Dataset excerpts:
════════
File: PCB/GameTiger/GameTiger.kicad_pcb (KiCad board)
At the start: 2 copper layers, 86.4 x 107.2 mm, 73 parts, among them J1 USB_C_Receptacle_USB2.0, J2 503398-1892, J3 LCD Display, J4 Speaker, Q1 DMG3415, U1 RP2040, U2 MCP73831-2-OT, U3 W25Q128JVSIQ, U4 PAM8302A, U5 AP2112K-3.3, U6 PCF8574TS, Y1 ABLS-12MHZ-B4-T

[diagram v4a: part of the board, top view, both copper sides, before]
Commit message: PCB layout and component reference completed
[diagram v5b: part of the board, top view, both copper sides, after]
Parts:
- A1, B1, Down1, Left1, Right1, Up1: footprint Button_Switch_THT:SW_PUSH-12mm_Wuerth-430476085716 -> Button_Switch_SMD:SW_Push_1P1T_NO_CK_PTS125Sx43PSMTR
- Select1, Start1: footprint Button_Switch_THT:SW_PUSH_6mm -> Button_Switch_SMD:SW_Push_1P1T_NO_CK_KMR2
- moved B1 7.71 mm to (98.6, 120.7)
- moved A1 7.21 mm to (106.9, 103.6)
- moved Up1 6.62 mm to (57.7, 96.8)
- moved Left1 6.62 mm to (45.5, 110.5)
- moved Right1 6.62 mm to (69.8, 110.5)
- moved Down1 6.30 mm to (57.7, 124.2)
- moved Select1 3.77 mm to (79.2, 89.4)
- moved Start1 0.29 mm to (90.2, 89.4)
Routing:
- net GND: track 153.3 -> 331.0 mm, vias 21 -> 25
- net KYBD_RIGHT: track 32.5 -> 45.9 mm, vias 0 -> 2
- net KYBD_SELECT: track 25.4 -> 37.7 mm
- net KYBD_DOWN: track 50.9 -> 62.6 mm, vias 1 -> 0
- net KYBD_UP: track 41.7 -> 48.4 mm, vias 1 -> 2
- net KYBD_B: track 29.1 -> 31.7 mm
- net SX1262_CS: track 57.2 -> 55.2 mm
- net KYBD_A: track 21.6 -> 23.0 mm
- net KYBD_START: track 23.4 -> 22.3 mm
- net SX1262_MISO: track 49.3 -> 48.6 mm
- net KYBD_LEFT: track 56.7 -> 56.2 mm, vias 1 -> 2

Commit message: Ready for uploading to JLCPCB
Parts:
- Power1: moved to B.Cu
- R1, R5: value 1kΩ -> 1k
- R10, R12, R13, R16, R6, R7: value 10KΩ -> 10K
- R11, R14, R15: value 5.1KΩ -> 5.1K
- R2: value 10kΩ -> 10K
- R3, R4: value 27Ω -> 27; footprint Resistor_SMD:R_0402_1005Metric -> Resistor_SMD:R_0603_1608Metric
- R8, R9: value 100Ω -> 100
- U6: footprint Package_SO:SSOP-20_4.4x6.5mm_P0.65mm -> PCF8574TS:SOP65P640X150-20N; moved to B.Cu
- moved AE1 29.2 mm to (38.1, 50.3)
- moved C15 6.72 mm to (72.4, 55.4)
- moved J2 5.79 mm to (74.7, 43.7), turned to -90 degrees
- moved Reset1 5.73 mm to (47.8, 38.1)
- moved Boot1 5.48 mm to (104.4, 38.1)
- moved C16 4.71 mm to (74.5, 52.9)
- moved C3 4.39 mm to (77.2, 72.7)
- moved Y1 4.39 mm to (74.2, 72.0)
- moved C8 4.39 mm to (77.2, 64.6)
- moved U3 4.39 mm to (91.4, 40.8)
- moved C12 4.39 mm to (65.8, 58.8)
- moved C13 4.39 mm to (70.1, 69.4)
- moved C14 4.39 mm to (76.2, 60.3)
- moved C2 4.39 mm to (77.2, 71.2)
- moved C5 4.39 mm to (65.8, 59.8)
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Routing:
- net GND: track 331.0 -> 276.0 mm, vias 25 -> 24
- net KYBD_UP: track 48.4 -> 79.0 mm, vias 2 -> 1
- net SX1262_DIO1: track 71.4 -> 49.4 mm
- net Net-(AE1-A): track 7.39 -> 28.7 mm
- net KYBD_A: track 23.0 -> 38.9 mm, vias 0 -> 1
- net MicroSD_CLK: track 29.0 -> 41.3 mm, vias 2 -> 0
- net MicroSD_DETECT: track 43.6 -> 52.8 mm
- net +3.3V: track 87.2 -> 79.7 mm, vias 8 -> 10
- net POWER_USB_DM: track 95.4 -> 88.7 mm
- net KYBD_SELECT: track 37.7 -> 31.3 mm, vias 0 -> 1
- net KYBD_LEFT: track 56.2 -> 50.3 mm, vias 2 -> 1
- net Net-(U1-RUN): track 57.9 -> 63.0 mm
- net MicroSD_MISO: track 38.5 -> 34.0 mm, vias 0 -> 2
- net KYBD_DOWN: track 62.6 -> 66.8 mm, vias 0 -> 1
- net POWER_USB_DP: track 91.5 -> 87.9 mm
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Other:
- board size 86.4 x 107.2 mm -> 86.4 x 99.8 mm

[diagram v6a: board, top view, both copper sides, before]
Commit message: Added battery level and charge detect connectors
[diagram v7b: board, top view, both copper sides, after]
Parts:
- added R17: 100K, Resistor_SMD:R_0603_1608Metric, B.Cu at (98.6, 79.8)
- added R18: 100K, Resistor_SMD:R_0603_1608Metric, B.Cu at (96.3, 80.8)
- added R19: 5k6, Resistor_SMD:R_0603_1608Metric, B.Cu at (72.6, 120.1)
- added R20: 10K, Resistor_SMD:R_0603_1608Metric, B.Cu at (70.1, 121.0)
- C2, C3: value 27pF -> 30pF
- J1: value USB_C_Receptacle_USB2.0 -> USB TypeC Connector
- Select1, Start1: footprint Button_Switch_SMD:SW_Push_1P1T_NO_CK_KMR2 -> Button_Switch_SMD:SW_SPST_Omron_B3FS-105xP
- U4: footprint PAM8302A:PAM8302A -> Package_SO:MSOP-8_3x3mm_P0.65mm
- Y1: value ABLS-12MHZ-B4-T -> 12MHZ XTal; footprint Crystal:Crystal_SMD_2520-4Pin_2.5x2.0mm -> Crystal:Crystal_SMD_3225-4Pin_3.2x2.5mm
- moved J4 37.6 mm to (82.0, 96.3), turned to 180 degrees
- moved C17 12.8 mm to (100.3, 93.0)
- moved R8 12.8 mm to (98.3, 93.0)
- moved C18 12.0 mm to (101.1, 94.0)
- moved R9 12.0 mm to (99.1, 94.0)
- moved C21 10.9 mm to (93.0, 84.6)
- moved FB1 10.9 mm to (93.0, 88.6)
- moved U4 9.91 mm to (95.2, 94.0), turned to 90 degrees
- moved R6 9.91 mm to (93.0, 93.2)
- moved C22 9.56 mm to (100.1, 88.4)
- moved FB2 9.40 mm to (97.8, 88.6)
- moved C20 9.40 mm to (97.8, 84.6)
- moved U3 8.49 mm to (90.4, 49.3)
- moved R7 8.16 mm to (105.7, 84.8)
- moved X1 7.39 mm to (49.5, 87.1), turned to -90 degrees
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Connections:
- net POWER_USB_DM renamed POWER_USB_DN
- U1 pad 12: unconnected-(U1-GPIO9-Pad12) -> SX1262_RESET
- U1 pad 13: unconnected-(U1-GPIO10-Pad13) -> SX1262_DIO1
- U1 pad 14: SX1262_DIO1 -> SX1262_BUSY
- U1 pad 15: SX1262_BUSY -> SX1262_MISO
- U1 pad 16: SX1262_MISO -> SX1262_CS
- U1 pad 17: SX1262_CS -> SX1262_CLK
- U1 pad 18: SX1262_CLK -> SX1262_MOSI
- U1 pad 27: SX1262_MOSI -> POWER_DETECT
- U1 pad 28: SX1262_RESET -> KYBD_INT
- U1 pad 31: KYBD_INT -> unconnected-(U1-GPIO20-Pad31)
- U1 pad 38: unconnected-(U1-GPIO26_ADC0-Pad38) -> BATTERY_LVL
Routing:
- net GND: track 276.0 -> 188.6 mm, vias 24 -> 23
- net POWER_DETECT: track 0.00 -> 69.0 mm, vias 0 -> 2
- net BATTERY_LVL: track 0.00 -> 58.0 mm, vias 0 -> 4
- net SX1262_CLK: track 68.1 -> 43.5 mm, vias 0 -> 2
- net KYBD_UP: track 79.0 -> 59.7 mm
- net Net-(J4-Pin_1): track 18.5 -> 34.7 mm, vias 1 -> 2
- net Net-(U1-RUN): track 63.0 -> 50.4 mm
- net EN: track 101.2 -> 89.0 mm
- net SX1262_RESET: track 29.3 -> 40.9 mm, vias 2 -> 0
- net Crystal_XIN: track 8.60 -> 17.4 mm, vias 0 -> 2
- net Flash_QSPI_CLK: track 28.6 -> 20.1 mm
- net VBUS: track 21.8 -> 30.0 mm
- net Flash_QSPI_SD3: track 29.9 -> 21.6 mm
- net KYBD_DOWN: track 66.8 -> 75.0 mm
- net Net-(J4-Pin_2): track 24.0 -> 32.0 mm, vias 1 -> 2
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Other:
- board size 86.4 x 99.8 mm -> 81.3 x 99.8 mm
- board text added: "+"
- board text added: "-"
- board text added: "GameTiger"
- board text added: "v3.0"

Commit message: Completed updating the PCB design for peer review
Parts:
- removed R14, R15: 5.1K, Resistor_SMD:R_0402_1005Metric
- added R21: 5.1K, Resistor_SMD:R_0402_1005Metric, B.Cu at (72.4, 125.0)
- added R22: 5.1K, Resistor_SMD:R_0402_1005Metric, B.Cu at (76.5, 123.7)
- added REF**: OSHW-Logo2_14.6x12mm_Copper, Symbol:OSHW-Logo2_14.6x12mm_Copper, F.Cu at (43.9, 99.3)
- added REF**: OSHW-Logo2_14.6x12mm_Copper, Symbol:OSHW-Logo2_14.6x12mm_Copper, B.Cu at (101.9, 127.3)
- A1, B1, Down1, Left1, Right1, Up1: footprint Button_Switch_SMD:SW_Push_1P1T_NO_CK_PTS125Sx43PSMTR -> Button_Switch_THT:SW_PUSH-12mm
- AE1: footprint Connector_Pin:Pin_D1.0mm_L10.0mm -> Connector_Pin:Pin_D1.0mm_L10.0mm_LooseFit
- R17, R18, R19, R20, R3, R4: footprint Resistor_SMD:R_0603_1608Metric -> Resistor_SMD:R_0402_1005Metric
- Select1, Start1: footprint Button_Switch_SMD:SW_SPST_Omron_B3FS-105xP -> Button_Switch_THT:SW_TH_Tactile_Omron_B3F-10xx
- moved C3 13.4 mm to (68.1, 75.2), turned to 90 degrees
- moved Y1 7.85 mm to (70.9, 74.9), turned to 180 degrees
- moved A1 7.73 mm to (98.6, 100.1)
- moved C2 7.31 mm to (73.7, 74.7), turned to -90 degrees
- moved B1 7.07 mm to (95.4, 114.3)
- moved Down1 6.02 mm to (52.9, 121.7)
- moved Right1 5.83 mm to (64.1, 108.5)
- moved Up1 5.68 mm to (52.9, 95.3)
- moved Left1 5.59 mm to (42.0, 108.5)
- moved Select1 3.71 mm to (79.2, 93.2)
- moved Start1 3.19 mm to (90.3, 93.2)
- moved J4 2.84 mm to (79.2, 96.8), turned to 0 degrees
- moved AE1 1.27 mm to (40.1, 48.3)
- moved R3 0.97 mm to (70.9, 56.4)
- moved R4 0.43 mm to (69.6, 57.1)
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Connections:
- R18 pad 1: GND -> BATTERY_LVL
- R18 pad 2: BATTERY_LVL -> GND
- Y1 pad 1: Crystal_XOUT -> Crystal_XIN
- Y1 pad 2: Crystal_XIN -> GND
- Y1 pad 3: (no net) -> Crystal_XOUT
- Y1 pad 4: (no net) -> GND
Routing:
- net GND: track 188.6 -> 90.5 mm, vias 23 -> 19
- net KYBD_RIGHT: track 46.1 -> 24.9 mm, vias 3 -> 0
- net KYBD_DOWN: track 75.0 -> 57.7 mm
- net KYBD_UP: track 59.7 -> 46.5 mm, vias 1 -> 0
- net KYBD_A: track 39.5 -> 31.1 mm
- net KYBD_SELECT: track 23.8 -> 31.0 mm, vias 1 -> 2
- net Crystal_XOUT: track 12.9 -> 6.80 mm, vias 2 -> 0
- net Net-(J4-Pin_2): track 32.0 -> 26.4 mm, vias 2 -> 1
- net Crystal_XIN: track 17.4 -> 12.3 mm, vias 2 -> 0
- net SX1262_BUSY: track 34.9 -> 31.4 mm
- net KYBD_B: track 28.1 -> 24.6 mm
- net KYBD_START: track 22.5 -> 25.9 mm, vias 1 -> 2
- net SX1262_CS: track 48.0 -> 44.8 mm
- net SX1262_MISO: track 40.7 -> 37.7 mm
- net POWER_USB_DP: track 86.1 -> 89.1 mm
════════
**What you should do**
In your answer, include only the lines above starting at the line that holds "- net KYBD_SELECT: track 37.7" and ending at the line that holds "- added R17: 100K, Resistor_SMD:R_0603_1608Metric, B.Cu", copied exactly.

**Solution to this task**
- net KYBD_SELECT: track 37.7 -> 31.3 mm, vias 0 -> 1
- net KYBD_LEFT: track 56.2 -> 50.3 mm, vias 2 -> 1
- net Net-(U1-RUN): track 57.9 -> 63.0 mm
- net MicroSD_MISO: track 38.5 -> 34.0 mm, vias 0 -> 2
- net KYBD_DOWN: track 62.6 -> 66.8 mm, vias 0 -> 1
- net POWER_USB_DP: track 91.5 -> 87.9 mm
Other:
- board size 86.4 x 107.2 mm -> 86.4 x 99.8 mm

[diagram v6a: board, top view, both copper sides, before]
Commit message: Added battery level and charge detect connectors
[diagram v7b: board, top view, both copper sides, after]
Parts:
- added R17: 100K, Resistor_SMD:R_0603_1608Metric, B.Cu at (98.6, 79.8)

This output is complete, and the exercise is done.